* [Assigned task] Write out each record below exactly as it appears, with no pictures.

═══ Given entries

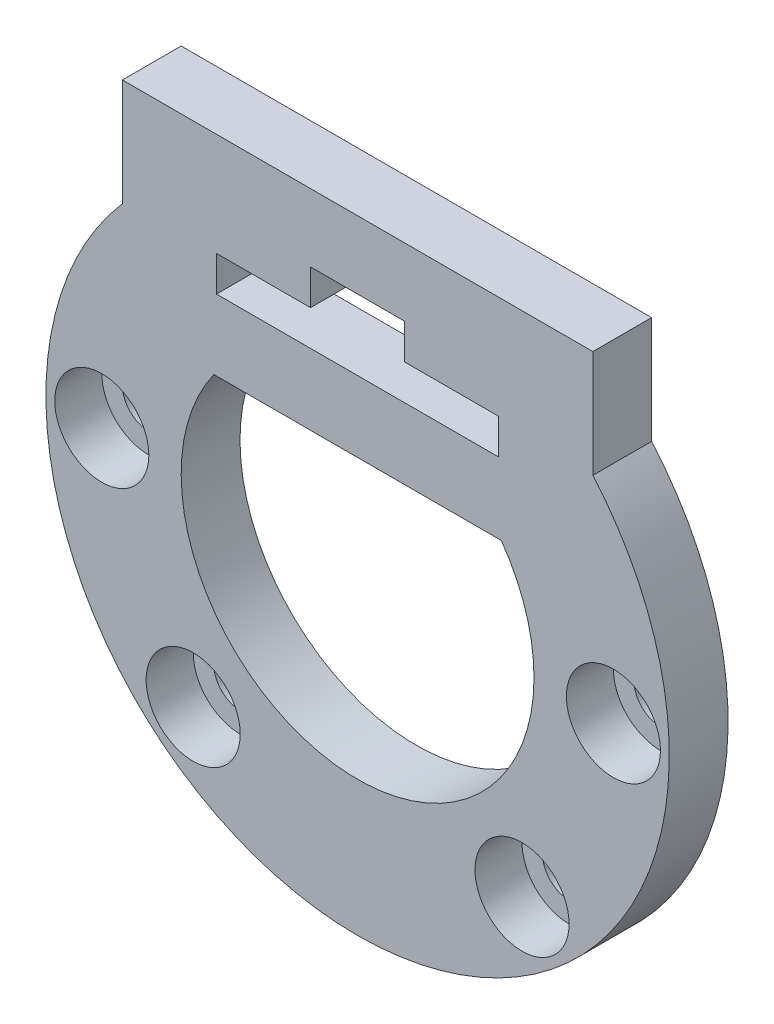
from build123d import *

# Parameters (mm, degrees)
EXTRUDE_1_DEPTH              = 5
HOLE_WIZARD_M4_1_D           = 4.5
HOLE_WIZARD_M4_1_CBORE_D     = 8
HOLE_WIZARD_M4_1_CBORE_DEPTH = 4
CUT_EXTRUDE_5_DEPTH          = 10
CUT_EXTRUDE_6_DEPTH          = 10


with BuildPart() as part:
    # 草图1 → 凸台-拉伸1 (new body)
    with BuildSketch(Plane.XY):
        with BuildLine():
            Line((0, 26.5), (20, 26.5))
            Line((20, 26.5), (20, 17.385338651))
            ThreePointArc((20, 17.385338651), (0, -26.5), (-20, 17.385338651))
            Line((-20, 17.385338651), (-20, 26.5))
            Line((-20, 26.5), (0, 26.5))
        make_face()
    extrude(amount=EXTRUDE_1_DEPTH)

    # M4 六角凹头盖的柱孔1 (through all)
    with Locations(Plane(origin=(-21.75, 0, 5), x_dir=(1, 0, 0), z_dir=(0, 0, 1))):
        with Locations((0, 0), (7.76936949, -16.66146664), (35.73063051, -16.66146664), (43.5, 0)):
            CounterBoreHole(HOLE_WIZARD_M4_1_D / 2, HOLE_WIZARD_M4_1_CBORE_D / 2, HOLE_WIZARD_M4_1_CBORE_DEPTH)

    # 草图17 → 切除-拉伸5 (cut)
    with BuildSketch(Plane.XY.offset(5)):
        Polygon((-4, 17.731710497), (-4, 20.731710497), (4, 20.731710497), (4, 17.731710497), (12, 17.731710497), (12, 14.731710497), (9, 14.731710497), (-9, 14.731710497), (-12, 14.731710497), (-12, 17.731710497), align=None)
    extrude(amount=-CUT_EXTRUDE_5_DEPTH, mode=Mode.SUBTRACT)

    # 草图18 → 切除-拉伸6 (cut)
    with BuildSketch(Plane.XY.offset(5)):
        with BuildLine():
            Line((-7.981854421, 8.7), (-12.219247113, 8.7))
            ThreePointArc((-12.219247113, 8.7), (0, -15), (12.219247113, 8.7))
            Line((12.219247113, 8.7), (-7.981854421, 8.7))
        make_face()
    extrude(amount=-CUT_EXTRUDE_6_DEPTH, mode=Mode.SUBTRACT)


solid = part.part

══════

* [Answer for the task]
from build123d import *

# Parameters (mm, degrees)
EXTRUDE_1_DEPTH              = 5
HOLE_WIZARD_M4_1_D           = 4.5
HOLE_WIZARD_M4_1_CBORE_D     = 8
HOLE_WIZARD_M4_1_CBORE_DEPTH = 4
CUT_EXTRUDE_5_DEPTH          = 10
CUT_EXTRUDE_6_DEPTH          = 10


with BuildPart() as part:
    # 草图1 → 凸台-拉伸1 (new body)
    with BuildSketch(Plane.XY):
        with BuildLine():
            Line((0, 26.5), (20, 26.5))
            Line((20, 26.5), (20, 17.385338651))
            ThreePointArc((20, 17.385338651), (0, -26.5), (-20, 17.385338651))
            Line((-20, 17.385338651), (-20, 26.5))
            Line((-20, 26.5), (0, 26.5))
        make_face()
    extrude(amount=EXTRUDE_1_DEPTH)

    # M4 六角凹头盖的柱孔1 (through all)
    with Locations(Plane(origin=(-21.75, 0, 5), x_dir=(1, 0, 0), z_dir=(0, 0, 1))):
        with Locations((0, 0), (7.76936949, -16.66146664), (35.73063051, -16.66146664), (43.5, 0)):
            CounterBoreHole(HOLE_WIZARD_M4_1_D / 2, HOLE_WIZARD_M4_1_CBORE_D / 2, HOLE_WIZARD_M4_1_CBORE_DEPTH)

    # 草图17 → 切除-拉伸5 (cut)
    with BuildSketch(Plane.XY.offset(5)):
        Polygon((-4, 17.731710497), (-4, 20.731710497), (4, 20.731710497), (4, 17.731710497), (12, 17.731710497), (12, 14.731710497), (9, 14.731710497), (-9, 14.731710497), (-12, 14.731710497), (-12, 17.731710497), align=None)
    extrude(amount=-CUT_EXTRUDE_5_DEPTH, mode=Mode.SUBTRACT)

    # 草图18 → 切除-拉伸6 (cut)
    with BuildSketch(Plane.XY.offset(5)):
        with BuildLine():
            Line((-7.981854421, 8.7), (-12.219247113, 8.7))
            ThreePointArc((-12.219247113, 8.7), (0, -15), (12.219247113, 8.7))
            Line((12.219247113, 8.7), (-7.981854421, 8.7))
        make_face()
    extrude(amount=-CUT_EXTRUDE_6_DEPTH, mode=Mode.SUBTRACT)


solid = part.part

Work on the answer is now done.